====== Data ======

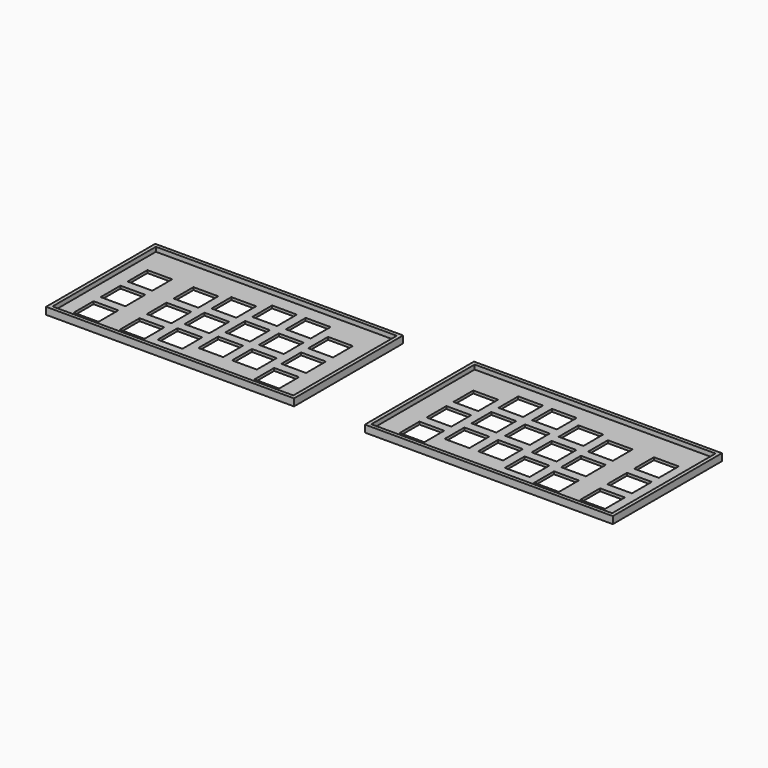
from build123d import *

# Parameters (mm, degrees)
F1_DEPTH = 1.5
F3_DEPTH = 25
F4_DEPTH = 4


# Not quite as in the source:
# - a feature names something its author has since deleted; it is built from what else it names


with BuildPart() as f1:
    # F0 (on Top) → F1 (new body)
    with BuildSketch(Plane.XY):
        Polygon((-9.6456400305, -38.5), (70, -38.5), (70, -5.2260886878), (68, -5.2260886878), (68, -36.5), (-9.6456400305, -36.5), align=None)
        Polygon((-70, -38.5), (-9.6456400305, -38.5), (-9.6456400305, -36.5), (-68, -36.5), (-68, 2.6378679238), (-70, 2.6378679238), align=None)
        Polygon((-70, 38.5), (-70, 2.6378679238), (-68, 2.6378679238), (-68, 36.5), (-20.2697571367, 36.5), (-20.2697571367, 38.5), align=None)
        Polygon((68, -5.2260886878), (70, -5.2260886878), (70, 38.5), (-20.2697571367, 38.5), (-20.2697571367, 36.5), (68, 36.5), align=None)
        Polygon((-68, -36.5), (-9.6456400305, -36.5), (68, -36.5), (68, -5.2260886878), (68, 36.5), (-20.2697571367, 36.5), (-68, 36.5), (-68, 2.6378679238), align=None)
    extrude(amount=F1_DEPTH)

    # F2 (on face) → F3 (cut)
    with BuildSketch(Plane.XY.offset(1.5)):
        Polygon((56, -17.5), (49, -17.5), (42, -17.5), (42, -31.5), (56, -31.5), align=None)
        Polygon((-1, 23.5), (-8, 23.5), (-15, 23.5), (-15, 17.9919603638), (-15, 9.5), (-8, 9.5), (-1, 9.5), (-1, 14.5402538426), align=None)
        Polygon((-1, 4.5), (-8, 4.5), (-15, 4.5), (-15, -1.0080396362), (-15, -9.5), (-8, -9.5), (-1, -9.5), (-1, 0.6484970983), align=None)
        Polygon((-1, -14.5), (-8, -14.5), (-15, -14.5), (-15, -14.8997963805), (-15, -28.5), (-1, -28.5), align=None)
        Polygon((18, 28.5), (11, 28.5), (4, 28.5), (4, 14.5402538426), (4, 14.5), (11, 14.5), (18, 14.5), (18, 19.3217483706), align=None)
        Polygon((18, 9.5), (11, 9.5), (4, 9.5), (4, -4.5), (11, -4.5), (18, -4.5), (18, 0.3217483706), align=None)
        Polygon((18, -9.5), (11, -9.5), (4, -9.5), (4, -23.5), (18, -23.5), (18, -13.5700083736), align=None)
        Polygon((37, -9.5), (30, -9.5), (23, -9.5), (23, -23.5), (37, -23.5), align=None)
        Polygon((56, 1.5), (49, 1.5), (42, 1.5), (42, -12.5), (49, -12.5), (56, -12.5), align=None)
        Polygon((56, 20.5), (49, 20.5), (42, 20.5), (42, 20.1662803835), (42, 6.5), (49, 6.5), (56, 6.5), align=None)
        Polygon((-53, 6.5), (-46, 6.5), (-46, 20.5), (-53, 20.5), (-60, 20.5), (-60, 6.5), align=None)
        Polygon((-46, -17.5), (-53, -17.5), (-60, -17.5), (-60, -31.5), (-46, -31.5), align=None)
        Polygon((-46, 1.5), (-53, 1.5), (-60, 1.5), (-60, -12.5), (-53, -12.5), (-46, -12.5), align=None)
        Polygon((-20, -17.5), (-27, -17.5), (-34, -17.5), (-34, -31.5), (-20, -31.5), align=None)
        Polygon((-20, 20.5), (-27, 20.5), (-34, 20.5), (-34, 6.5), (-27, 6.5), (-20, 6.5), (-20, 17.9919603638), align=None)
        Polygon((-20, 1.5), (-27, 1.5), (-34, 1.5), (-34, -12.5), (-27, -12.5), (-20, -12.5), (-20, -1.0080396362), align=None)
        Polygon((37, 28.5), (30, 28.5), (23, 28.5), (23, 19.3217483706), (23, 14.5), (30, 14.5), (37, 14.5), (37, 20.1662803835), align=None)
        Polygon((37, 9.5), (30, 9.5), (23, 9.5), (23, 0.3217483706), (23, -4.5), (30, -4.5), (37, -4.5), (37, 6.2745236393), align=None)
    extrude(amount=-F3_DEPTH, mode=Mode.SUBTRACT)

    # F0 (on Top) → F4 (join)
    with BuildSketch(Plane.XY):
        Polygon((-9.6456400305, -38.5), (70, -38.5), (70, -5.2260886878), (68, -5.2260886878), (68, -36.5), (-9.6456400305, -36.5), align=None)
        Polygon((-70, -38.5), (-9.6456400305, -38.5), (-9.6456400305, -36.5), (-68, -36.5), (-68, 2.6378679238), (-70, 2.6378679238), align=None)
        Polygon((68, -5.2260886878), (70, -5.2260886878), (70, 38.5), (-20.2697571367, 38.5), (-20.2697571367, 36.5), (68, 36.5), align=None)
        Polygon((-70, 38.5), (-70, 2.6378679238), (-68, 2.6378679238), (-68, 36.5), (-20.2697571367, 36.5), (-20.2697571367, 38.5), align=None)
    extrude(amount=F4_DEPTH)


with BuildPart() as f6_1:
    # F6: instance of F1
    add(f1.part.mirror(Plane.YZ.offset(90)))


solid = Compound([f1.part, f6_1.part])

======

=== Work required ===
Copy every line from the data that includes the string "extrude".

=== Result below ===
    extrude(amount=F1_DEPTH)
    extrude(amount=-F3_DEPTH, mode=Mode.SUBTRACT)
    extrude(amount=F4_DEPTH)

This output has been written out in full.